Molybdenum Fullerenes

A giant molecule made up of 132 molybdenum atoms
is reminiscent of a monster 'buckyball'

The Bielefeld chemist Achim Müller's research group attracted much attention in 1995 when they were able to make a giant molecular wheel from 154 molybdenum atoms. Their latest breakthrough is also made from molybdenum metal - this time in the form of a sphere of 132 atoms. But the spherical outer surface of the molecule hides an inner geometrical secret: an arrangement of 60 molybdenum atoms which closely resembles the structure of the known compound C60-fullerene, also known as the 'buckyball' or 'carbon football'. The researchers have called their molecule a 'Keplerate' following the ideas of the famous astronomer Kepler, who once described the orbits of the planets in terms of spherical paths.

The outer surface of the new 'superball' also looks suspiciously like that of a simple virus. "Nature really seems to be applying a general building principle in this case," Müller says - although the difference between the Bielefeld chemists' inorganic building blocks and the protein elements of viruses could hardly be greater.

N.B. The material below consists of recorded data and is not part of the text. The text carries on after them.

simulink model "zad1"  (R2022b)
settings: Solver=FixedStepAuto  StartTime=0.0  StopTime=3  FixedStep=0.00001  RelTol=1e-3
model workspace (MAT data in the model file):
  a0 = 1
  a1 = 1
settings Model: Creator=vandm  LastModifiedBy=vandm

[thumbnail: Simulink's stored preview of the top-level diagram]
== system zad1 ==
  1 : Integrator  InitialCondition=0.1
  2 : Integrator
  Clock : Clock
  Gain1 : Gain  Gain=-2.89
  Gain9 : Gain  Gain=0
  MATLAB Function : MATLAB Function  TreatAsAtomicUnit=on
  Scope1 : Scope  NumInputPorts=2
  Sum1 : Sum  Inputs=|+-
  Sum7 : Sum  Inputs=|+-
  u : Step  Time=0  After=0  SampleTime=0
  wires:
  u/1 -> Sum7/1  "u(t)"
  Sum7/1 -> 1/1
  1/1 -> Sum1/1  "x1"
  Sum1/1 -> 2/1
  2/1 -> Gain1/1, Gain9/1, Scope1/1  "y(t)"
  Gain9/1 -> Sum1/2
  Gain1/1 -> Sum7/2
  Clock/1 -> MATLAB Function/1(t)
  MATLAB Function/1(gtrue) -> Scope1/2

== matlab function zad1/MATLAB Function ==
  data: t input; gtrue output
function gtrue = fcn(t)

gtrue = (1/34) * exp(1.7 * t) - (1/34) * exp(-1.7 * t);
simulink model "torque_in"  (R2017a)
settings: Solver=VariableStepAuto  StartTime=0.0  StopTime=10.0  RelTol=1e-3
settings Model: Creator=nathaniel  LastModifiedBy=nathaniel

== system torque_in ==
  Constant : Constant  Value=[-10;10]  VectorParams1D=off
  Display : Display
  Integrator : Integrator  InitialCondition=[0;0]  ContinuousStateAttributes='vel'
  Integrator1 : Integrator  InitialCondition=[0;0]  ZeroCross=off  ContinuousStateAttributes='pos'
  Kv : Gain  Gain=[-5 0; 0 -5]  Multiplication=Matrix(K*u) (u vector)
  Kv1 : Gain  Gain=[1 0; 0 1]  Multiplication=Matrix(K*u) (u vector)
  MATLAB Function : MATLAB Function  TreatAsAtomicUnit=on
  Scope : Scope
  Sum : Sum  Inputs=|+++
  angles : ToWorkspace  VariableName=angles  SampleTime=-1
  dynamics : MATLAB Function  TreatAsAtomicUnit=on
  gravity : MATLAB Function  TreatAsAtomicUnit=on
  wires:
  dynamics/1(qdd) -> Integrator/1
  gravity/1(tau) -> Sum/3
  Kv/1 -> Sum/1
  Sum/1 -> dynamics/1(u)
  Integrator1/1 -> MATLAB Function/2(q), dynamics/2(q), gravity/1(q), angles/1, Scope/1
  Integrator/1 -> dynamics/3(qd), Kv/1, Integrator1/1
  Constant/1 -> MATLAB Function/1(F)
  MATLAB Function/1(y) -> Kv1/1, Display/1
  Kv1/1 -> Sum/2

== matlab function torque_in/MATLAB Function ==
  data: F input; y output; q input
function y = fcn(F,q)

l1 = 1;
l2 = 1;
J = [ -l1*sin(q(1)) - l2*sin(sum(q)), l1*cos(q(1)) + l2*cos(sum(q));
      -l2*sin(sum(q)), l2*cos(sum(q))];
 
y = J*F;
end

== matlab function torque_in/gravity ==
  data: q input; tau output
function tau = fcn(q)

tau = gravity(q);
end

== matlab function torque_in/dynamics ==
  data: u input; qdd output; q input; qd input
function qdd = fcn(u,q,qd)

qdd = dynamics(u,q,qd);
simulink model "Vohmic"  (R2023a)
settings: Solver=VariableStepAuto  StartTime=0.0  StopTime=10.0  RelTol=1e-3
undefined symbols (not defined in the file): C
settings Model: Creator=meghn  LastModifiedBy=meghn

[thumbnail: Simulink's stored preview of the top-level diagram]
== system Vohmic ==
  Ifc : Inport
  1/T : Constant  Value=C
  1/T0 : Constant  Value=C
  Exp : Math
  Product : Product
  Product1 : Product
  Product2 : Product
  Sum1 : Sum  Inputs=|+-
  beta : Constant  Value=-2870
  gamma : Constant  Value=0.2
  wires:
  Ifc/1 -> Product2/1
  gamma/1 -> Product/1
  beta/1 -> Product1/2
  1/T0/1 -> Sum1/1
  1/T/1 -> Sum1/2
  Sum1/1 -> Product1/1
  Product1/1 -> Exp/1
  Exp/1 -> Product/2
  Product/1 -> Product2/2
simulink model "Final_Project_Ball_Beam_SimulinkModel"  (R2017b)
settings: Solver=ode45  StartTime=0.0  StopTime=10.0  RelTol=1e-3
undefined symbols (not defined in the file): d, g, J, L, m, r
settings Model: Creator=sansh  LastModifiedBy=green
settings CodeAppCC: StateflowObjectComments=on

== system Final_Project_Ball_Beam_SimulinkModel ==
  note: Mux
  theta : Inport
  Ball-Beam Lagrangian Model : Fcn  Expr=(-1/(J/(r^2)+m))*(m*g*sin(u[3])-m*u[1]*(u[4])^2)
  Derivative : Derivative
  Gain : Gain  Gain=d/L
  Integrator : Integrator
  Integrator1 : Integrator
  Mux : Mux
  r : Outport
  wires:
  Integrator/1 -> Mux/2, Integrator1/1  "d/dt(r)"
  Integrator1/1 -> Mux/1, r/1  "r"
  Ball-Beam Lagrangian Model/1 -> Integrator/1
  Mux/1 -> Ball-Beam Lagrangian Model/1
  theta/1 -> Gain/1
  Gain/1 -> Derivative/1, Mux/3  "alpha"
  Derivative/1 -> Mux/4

Possibly Achim Müller and his co-workers were able to make the new molecule by mixing together molybdenum-containing components shaped like octahedra, but with five edges round the middle rather than four. The technical term for this arrangement is a 'pentagonal bipyramid.' Previously they had used only tetrahedra and octahedra, but the number five turns out to be very significant for the construction of spherical structures. For instance, the C60 molecule only has its football shape because its atomic frame consists of rings of five carbon atoms.

Once the building blocks were there, the 'super-fullerene' virtually made itself - when the reaction conditions were right. "It is very important to restrict the growth of the molecules at the right time," Müller says. The chemists chose their molybdenum starting materials with this in mind: the final entities have oxygen atoms sticking out of their surfaces like spikes, which prevent larger aggregates from being formed. So what can be done with the monster fullerene? "Our sphere is hollow inside," comments Müller. "We might be able to cut a piece off one side to leave a molecule resembling a large shopping basket." Such a structure, for example, could be used to collect up smaller molecules.